I've been advised to use the BFG Repo-Cleaner as my local repo that I want to push contains files too large to push to GitHub. These files (above about 50MB) I don't mind if they get deleted and I accidentally committed them a while back.
On the online instructions: https://rtyley.github.io/bfg-repo-cleaner/
It suggests I should clone a fresh copy of my repo using the --mirror flag (this is seemingly an online version, not the local version). Then to do the Java -jar bfg.jar ... command. And following this to cd back into that local mirror copy of the online repo, and then to push the information back.
I don't quite understand how this applies for local copies. For local copies that are too big to push should I e.g. do:
git clone --mirror /Users/me/myrepo
java -jar bfg.jar --strip-blobs-bigger-than 100M /Users/me/myrepomirror.git
Then I don't also understand how the next steps:
cd /Users/me/myrepomirror.git git reflog expire --expire=now --all && git gc --prune=now --aggressive git push
would address anything to do with my non-mirrored local repo:
/Users/me/myrepo
I am not sure if they imply that I should then do after this:
java -jar bfg.jar --strip-blobs-bigger-than 50M my-repo.git
And again I do not know how this addresses the actual repo (not a mirror or an online version) that I want to prune so that I can push it.
Perhaps I am being a bit dull? The documentation doesn't seem very explicit/extensive for something so potentially useful. Any help here would be great. Thanks!
I've never used BFG before. It sounds useful if you're in this situation of having large files that you need to remove. However, I'll try to explain the overall process, as I understand it.

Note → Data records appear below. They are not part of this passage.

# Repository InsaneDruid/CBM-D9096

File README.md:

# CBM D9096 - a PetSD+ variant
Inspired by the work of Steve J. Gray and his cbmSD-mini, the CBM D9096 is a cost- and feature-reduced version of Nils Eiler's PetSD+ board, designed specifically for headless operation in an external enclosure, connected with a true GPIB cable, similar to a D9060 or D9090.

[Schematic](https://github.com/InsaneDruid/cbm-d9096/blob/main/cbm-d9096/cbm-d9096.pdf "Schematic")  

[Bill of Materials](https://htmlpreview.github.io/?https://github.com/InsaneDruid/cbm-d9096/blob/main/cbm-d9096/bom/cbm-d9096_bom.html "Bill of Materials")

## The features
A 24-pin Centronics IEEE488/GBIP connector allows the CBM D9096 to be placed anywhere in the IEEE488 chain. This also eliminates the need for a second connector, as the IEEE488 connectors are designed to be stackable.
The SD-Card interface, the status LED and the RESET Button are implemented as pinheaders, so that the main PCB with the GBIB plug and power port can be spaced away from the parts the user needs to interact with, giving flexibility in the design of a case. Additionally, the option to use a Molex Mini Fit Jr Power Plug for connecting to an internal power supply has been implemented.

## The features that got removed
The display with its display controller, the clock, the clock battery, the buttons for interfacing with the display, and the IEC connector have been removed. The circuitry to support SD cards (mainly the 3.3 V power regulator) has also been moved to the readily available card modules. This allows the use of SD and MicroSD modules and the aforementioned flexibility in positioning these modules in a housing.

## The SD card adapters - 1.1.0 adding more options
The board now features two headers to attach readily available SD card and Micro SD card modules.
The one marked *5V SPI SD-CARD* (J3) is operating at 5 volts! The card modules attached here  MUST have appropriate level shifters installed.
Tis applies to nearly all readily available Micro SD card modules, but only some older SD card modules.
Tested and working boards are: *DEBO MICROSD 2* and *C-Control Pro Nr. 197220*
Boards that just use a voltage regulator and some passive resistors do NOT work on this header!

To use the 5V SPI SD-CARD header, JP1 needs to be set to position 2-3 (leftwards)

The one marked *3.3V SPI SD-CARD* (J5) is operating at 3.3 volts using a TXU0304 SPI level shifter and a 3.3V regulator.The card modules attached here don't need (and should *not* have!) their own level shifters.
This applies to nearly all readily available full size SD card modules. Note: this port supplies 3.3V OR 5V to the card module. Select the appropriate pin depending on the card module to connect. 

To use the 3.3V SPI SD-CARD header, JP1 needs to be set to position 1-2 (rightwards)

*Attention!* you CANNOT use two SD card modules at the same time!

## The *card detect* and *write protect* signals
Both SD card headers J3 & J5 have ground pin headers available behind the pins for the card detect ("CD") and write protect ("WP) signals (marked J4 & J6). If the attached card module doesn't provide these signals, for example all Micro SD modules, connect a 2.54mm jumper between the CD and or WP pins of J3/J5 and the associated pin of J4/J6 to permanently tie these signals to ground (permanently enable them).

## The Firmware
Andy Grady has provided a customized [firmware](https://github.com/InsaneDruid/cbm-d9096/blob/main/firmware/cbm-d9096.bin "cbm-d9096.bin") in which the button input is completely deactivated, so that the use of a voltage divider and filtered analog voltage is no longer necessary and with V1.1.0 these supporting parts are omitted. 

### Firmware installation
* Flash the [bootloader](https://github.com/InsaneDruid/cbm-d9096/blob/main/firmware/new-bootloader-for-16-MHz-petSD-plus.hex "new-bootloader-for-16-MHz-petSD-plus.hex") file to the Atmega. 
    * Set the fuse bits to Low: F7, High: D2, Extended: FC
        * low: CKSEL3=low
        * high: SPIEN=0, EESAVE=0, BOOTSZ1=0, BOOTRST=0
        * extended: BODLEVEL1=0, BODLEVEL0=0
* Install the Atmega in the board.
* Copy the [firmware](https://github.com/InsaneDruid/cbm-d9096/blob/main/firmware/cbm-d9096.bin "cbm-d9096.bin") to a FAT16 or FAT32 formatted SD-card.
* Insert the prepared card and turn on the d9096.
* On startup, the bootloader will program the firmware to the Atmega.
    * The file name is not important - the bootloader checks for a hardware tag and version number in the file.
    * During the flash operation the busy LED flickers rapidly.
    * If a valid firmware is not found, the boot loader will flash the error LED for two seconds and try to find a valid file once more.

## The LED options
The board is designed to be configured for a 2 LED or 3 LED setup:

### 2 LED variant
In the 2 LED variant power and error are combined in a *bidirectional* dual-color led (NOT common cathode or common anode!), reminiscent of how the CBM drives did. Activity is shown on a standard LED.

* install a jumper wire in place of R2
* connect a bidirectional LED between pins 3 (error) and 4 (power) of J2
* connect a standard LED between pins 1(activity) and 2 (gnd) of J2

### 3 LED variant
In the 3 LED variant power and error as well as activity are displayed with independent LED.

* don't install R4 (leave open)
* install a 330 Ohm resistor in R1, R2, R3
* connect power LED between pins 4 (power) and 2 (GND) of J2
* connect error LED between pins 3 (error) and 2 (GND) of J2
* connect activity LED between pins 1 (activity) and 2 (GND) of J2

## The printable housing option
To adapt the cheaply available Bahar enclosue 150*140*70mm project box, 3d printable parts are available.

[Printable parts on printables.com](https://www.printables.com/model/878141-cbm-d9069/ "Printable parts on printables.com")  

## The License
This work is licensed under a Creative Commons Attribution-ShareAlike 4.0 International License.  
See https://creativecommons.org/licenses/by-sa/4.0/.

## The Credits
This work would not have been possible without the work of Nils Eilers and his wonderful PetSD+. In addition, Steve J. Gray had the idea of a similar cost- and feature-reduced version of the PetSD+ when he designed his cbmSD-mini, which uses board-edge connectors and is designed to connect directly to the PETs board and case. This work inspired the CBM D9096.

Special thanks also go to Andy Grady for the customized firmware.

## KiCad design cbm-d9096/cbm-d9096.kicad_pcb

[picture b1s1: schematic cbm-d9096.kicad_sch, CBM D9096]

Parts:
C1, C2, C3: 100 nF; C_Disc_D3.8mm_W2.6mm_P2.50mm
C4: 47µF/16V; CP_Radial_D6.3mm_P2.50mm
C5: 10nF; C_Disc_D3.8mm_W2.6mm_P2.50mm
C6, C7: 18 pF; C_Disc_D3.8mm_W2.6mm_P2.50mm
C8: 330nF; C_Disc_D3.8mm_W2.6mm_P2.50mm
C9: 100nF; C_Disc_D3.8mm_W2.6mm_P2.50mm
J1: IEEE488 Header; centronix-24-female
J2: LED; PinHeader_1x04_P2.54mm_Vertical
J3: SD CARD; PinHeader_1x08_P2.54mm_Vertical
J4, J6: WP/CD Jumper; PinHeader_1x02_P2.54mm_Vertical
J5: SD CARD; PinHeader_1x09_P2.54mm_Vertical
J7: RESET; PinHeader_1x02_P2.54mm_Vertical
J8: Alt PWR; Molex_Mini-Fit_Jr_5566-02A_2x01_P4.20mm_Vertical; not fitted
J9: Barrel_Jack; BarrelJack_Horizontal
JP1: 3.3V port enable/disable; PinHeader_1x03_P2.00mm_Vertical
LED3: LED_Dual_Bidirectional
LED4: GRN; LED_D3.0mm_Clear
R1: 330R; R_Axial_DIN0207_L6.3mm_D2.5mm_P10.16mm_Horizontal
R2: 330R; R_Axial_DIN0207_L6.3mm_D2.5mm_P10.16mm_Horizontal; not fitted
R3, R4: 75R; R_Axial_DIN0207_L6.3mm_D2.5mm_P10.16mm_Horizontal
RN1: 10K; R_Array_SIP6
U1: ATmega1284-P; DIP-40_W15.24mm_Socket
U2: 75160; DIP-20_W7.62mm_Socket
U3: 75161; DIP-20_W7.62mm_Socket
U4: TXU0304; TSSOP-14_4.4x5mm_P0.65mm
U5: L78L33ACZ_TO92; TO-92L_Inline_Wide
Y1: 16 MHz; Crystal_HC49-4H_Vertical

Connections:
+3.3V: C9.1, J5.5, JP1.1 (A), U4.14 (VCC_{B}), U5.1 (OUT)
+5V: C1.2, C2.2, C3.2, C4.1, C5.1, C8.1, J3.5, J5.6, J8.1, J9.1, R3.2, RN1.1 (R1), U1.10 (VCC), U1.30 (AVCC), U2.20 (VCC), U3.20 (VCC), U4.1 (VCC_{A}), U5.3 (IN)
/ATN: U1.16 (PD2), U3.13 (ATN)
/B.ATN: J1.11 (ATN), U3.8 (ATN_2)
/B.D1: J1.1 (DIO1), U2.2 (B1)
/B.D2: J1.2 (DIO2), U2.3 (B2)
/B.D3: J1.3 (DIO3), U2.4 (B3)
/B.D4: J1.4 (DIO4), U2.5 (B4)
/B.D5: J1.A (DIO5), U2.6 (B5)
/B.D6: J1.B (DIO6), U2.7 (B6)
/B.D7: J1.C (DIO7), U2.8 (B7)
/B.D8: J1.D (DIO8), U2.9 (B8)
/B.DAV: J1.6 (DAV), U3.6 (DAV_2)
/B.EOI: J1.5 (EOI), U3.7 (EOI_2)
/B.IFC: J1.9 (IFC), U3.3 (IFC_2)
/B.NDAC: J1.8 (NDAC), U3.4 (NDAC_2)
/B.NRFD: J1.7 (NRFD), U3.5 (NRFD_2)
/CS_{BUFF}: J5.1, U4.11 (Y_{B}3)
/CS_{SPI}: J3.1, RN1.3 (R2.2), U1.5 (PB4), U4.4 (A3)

Before we begin, note that BFG will rewrite the history of the the remote repository, and pushing it will require everyone on your team to re-clone the repository and transfer their local-only branches over.
According to git's documentation, git clone --mirror
Set up a mirror of the source repository. This implies --bare. Compared to --bare, --mirror not only maps local branches of the source to local branches of the target, it maps all refs (including remote-tracking branches, notes etc.) and sets up a refspec configuration such that all these refs are overwritten by a git remote update in the target repository.
This means that the clone will create an exact copy of the remote repository on your machine. As the BFG docs say, you should create a backup of this clone in case you need it later.
java -jar bfg.jar --strip-blobs-bigger-than 100M some-big-repo.git
Will target the clone you made with git clone --mirror
and will clean all commits of files containing > 100M except the most recent commit (as mentioned in the BFG docs). BFG won't delete the old data automatically. It will stop, let you confirm everything looks good and then leave you to clean up the rest.
cd /Users/me/myrepomirror.git
Will navigate to the bare repository. You may have to change the path accordingly.
git reflog expire --expire=now --all && git gc --prune=now --aggressive
Let's break this command up into it's two logical parts:
git reflog expire --expire=now --all
--expire=now
tells git to expire all reflogs prior to the current time.--all
means across all references. Without --all, the expiration would only happen for the branch you're currently on, rather than all branches.git gc --prune=now --aggressive
--prune=now
tells git gc to remove loose objects prior to the current time.--aggressive
will cause git gc to spend more time cleaning the repository of unnecessary files and provide greater optimization. The git gc
docs have some additional info on it.Once all of that is done, git push
will overwrite the remote version of all of the branches with the newly cleaned ones.
You would now have to re-clone the repository in a different directory with git clone
to obtain a non-bare version.
Essentially what we've done with this process is create a copy of the remote repository, removed the offending files and rewritten the commit history in the process, pushed the rewritten remote and overwritten what was there previously, and cloned a new copy of that repository for us to continue working.
I'd suggest some preventative measures to avoid having to constantly remove these files. BFG
shouldn't be run frequently, since it rewrites the repository's history.
Unfortunately, .gitignore doesn't support ignoring files larger than a given size. However, there may be some options available to you, regardless.